Making of Frozen in Time

Originally published at: https://www.ronenbekerman.com/making-of-frozen-in-time/

I’m super happy to share with you today the MAKING OF “Frozen in Time” by Marcin Jastrzebski. This was picked as Best of Week 05/2018 and was his entry for an Evermotion Challenge in which he tried 3d Rendering with Photography Approach… focused on slow shutter speeds and how that can turn out in a render. Enjoy!

Introduction

For this year’s Evermotion Challenge I decided to make a far north landscape view with two small wooden cabins. This time I also decided to make the entire design myself without any existing project. The challenge was to make long-time exposure mood in 3d technique.

I was thinking about it more or less for a year before the challenge started. It was an excellent opportunity to check if it’s possible as a 3d render. So this was my primary goal for this rendering. I used Cinema R18 Studio and Octane Render for the final rendering. I also used a few plugins which I mentioned in the next parts of this making-of.

I would like to say huge thanks to Ronen for the possibility to share this Making Of on his excellent architectural visualization blog!

The Beginning

Before I start my projects, I always try to come up with a project idea in my mind, so when I start work seriously, the central concept is ready.

During the initial stage of work, I always gather many reference images to look how necessary things look like in real, how they work with light.
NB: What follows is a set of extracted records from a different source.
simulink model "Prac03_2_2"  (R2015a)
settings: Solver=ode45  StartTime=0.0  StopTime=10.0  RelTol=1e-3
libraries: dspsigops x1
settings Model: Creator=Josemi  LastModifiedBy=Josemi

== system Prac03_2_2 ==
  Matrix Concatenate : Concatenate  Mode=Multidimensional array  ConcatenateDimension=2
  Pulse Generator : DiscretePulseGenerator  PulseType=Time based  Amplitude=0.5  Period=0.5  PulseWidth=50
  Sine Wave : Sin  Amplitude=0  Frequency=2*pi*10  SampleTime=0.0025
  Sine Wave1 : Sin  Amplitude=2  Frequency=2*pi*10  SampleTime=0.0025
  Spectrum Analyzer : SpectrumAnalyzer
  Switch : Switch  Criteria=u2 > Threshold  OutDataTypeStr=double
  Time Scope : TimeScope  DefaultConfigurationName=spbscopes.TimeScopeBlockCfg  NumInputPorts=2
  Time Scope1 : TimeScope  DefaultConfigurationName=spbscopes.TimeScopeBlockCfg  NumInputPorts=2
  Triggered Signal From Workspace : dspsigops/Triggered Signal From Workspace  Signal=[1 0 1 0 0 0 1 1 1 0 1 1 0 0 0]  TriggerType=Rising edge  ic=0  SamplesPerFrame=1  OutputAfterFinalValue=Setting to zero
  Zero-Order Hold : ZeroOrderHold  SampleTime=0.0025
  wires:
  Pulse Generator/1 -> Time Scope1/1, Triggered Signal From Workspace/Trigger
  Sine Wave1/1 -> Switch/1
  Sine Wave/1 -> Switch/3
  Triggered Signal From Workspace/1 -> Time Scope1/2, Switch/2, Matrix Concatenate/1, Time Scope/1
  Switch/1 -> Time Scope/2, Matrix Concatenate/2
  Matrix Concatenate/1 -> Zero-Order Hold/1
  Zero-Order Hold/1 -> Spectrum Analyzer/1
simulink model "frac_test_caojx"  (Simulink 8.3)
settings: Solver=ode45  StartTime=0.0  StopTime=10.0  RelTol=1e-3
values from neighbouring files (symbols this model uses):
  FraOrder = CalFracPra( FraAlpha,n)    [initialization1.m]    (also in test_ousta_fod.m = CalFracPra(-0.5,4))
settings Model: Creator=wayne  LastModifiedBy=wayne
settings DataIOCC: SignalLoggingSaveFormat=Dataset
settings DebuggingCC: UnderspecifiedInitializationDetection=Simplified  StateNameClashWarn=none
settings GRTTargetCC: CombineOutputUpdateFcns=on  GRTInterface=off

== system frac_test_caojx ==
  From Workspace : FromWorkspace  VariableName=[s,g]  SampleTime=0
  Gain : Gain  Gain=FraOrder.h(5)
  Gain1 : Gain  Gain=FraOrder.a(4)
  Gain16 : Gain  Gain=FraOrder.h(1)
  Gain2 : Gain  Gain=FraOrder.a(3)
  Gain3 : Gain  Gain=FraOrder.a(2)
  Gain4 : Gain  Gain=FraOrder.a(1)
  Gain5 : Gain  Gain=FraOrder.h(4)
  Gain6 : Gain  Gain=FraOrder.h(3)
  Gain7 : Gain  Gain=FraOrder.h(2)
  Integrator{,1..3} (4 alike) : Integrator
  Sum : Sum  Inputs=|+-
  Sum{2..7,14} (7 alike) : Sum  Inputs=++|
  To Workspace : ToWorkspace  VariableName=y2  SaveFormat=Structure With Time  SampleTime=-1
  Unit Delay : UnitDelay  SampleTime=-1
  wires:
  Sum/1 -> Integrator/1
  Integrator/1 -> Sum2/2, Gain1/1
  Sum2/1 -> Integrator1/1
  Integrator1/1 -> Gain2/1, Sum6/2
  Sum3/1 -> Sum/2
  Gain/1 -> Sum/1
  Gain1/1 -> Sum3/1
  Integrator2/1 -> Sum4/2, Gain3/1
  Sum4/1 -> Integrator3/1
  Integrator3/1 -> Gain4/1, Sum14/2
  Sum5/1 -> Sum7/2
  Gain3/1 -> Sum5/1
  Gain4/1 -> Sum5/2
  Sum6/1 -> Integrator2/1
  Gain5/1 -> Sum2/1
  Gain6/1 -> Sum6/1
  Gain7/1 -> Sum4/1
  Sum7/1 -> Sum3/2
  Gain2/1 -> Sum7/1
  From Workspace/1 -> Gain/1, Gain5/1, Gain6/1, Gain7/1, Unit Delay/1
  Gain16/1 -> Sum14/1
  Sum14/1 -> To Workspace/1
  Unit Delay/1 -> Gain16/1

I also check different ideas if they are possible or not. Here is a screen from my reference folder.

I gathered images and grouped them into theme folders.

Describing the Strong Points

In my opinion, every image has limited visual capacity. This is one of my primary rules. What is that mean? It means that “less is more” accurately. We can add exciting visual elements to our images to build a beautiful composition, good story, and beautiful effects. All parts could impressive, but if we add too much cherries to our cake, nobody could eat it.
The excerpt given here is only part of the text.